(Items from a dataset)
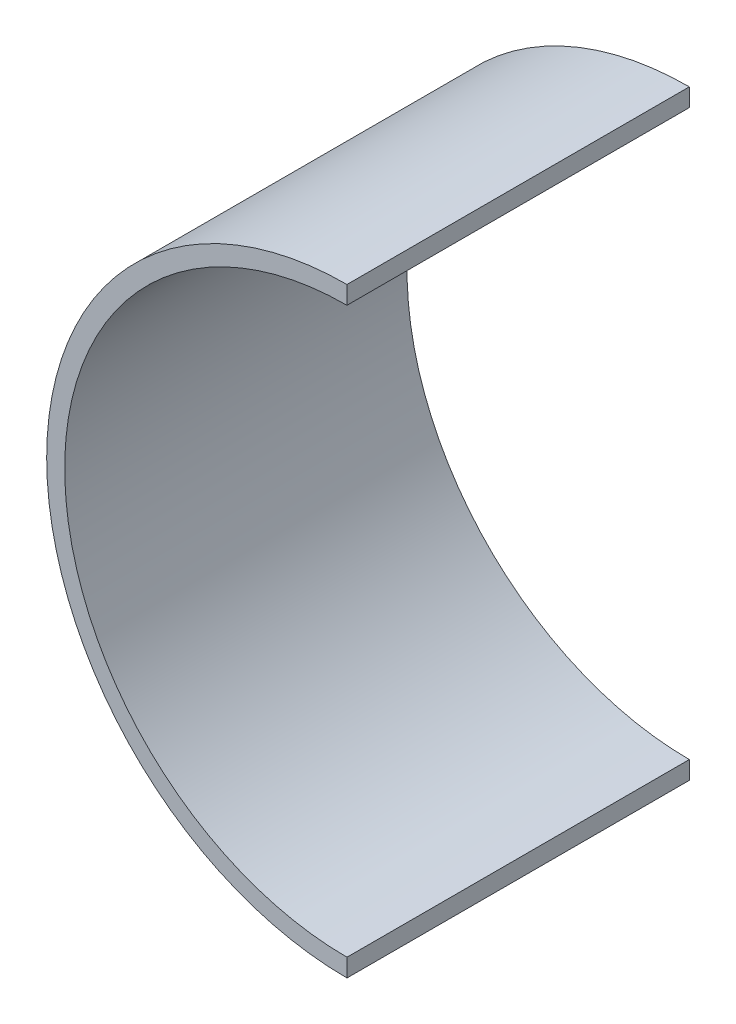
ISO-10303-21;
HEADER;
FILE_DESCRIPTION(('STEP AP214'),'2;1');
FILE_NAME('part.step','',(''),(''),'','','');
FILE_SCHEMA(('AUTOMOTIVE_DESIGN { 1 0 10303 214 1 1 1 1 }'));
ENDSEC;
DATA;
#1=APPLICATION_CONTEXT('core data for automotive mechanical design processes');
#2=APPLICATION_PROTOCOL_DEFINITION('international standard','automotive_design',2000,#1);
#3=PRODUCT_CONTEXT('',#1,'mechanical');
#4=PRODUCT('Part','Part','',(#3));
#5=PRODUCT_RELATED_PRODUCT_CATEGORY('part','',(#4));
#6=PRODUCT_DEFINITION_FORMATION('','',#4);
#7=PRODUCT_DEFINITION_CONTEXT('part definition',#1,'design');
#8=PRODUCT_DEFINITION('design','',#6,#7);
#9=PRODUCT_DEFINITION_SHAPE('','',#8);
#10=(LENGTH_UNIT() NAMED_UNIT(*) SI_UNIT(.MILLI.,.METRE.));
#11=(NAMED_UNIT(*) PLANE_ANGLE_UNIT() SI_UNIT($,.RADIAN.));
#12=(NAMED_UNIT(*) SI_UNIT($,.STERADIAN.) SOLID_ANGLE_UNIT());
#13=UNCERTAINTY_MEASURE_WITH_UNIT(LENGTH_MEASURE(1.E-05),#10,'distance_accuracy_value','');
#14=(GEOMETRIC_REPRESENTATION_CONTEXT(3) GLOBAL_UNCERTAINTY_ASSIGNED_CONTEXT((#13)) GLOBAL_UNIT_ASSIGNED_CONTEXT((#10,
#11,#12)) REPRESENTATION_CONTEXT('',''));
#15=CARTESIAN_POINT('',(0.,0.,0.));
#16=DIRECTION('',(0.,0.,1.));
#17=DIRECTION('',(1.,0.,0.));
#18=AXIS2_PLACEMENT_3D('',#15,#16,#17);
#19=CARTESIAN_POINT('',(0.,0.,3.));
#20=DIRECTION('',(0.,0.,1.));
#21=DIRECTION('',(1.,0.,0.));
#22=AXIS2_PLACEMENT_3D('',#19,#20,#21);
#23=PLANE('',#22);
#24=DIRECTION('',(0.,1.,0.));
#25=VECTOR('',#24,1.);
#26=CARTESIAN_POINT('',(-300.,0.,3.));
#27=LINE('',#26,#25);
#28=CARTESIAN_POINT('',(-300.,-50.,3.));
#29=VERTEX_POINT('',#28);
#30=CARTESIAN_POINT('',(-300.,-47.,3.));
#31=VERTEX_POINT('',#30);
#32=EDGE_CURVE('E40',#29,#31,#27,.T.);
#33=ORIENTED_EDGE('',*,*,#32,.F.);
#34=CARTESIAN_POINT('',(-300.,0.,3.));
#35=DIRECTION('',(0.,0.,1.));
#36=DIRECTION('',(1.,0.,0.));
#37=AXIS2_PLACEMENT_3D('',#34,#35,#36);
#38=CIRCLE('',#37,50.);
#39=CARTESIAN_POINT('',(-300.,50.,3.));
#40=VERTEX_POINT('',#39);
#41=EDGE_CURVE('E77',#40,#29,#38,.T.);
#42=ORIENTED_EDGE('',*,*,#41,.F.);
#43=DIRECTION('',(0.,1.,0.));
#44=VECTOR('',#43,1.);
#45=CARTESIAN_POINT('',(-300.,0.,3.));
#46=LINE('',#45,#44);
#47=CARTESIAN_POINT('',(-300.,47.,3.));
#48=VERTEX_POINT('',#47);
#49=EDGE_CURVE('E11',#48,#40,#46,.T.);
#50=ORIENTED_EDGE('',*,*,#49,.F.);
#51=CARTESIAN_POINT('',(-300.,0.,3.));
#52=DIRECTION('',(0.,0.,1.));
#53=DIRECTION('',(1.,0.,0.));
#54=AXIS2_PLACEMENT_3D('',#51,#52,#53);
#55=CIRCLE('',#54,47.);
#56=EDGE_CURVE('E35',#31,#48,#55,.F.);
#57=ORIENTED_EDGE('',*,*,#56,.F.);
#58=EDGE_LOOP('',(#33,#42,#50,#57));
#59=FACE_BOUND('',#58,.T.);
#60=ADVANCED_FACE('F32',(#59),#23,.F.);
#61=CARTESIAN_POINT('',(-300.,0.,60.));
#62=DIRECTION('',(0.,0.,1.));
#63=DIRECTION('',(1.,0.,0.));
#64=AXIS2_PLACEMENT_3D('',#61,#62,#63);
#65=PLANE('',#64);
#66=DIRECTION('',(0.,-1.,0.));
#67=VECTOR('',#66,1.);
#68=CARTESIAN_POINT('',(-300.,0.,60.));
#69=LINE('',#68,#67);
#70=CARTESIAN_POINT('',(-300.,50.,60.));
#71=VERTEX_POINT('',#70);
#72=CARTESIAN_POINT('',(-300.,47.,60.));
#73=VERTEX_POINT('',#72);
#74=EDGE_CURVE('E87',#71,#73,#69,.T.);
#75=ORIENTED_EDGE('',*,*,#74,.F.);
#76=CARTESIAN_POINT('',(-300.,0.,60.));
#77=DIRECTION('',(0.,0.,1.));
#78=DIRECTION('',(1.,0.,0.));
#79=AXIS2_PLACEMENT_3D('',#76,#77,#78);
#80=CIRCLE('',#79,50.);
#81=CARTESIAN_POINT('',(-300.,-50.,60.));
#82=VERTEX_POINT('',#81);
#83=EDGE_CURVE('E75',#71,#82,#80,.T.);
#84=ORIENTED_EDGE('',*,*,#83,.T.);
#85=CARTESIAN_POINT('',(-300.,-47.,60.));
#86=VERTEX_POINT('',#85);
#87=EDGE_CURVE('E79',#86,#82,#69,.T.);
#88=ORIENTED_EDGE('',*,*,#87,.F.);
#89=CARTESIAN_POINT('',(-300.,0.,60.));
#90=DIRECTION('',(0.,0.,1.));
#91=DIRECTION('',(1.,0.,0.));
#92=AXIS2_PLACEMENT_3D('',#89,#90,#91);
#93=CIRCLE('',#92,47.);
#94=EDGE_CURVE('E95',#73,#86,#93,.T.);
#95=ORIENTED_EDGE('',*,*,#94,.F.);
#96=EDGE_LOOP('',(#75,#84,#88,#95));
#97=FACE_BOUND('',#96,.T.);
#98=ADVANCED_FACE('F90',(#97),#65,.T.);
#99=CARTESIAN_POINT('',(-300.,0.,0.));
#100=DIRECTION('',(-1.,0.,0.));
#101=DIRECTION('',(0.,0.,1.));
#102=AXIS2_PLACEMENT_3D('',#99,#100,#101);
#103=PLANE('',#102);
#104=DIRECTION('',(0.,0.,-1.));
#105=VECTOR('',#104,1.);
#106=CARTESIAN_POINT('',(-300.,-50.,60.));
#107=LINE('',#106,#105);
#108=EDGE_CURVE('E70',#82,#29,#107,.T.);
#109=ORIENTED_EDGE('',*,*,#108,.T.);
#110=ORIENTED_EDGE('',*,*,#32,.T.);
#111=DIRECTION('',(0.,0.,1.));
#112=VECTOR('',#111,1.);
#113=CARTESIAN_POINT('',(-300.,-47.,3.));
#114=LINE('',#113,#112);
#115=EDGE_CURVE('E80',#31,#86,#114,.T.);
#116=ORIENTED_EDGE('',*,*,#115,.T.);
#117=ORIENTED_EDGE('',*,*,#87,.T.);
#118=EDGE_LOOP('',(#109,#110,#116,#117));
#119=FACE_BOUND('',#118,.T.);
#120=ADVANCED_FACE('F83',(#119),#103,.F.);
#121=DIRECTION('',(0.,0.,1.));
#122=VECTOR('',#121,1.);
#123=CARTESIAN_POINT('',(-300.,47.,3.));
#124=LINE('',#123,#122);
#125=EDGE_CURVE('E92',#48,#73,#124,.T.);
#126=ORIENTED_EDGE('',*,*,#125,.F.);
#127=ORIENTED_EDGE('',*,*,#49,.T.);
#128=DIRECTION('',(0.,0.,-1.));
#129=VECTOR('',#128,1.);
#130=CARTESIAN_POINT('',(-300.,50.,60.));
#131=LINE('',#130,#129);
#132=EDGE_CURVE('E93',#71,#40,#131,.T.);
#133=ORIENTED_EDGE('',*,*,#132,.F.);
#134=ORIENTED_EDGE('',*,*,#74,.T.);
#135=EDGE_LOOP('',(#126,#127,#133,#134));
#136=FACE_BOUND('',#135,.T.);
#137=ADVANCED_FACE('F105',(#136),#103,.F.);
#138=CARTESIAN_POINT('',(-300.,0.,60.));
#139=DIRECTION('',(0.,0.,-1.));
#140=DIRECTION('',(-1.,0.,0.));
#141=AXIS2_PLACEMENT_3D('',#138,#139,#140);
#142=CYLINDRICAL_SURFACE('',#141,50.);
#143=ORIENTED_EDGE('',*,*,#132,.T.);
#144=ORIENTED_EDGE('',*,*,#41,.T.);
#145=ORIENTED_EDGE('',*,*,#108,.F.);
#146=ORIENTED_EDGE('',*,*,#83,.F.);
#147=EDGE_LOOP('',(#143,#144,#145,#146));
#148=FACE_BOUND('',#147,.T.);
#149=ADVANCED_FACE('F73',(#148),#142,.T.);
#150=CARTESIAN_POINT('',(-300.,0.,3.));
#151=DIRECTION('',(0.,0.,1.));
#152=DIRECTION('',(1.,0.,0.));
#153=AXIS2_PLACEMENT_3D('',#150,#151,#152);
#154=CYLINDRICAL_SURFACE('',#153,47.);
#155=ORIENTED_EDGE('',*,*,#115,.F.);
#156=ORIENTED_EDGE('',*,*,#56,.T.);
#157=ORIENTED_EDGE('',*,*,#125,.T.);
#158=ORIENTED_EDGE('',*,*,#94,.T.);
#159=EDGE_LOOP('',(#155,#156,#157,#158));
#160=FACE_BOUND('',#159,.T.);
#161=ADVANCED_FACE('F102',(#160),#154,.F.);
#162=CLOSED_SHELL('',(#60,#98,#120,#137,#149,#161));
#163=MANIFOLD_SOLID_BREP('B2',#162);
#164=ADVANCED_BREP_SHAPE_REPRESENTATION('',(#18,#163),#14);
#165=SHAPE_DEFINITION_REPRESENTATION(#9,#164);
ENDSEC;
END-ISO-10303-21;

DIRECTIONS FOR THIS TASK =>
All lines from the start of the entries above through the line containing "#12=(NAMED_UNIT(*) SI_UNIT($,.STERADIAN.) SOLID_ANGLE_UNIT());" are to be given again exactly; the pictures are not.

ANSWER BOX =>
ISO-10303-21;
HEADER;
FILE_DESCRIPTION(('STEP AP214'),'2;1');
FILE_NAME('part.step','',(''),(''),'','','');
FILE_SCHEMA(('AUTOMOTIVE_DESIGN { 1 0 10303 214 1 1 1 1 }'));
ENDSEC;
DATA;
#1=APPLICATION_CONTEXT('core data for automotive mechanical design processes');
#2=APPLICATION_PROTOCOL_DEFINITION('international standard','automotive_design',2000,#1);
#3=PRODUCT_CONTEXT('',#1,'mechanical');
#4=PRODUCT('Part','Part','',(#3));
#5=PRODUCT_RELATED_PRODUCT_CATEGORY('part','',(#4));
#6=PRODUCT_DEFINITION_FORMATION('','',#4);
#7=PRODUCT_DEFINITION_CONTEXT('part definition',#1,'design');
#8=PRODUCT_DEFINITION('design','',#6,#7);
#9=PRODUCT_DEFINITION_SHAPE('','',#8);
#10=(LENGTH_UNIT() NAMED_UNIT(*) SI_UNIT(.MILLI.,.METRE.));
#11=(NAMED_UNIT(*) PLANE_ANGLE_UNIT() SI_UNIT($,.RADIAN.));
#12=(NAMED_UNIT(*) SI_UNIT($,.STERADIAN.) SOLID_ANGLE_UNIT());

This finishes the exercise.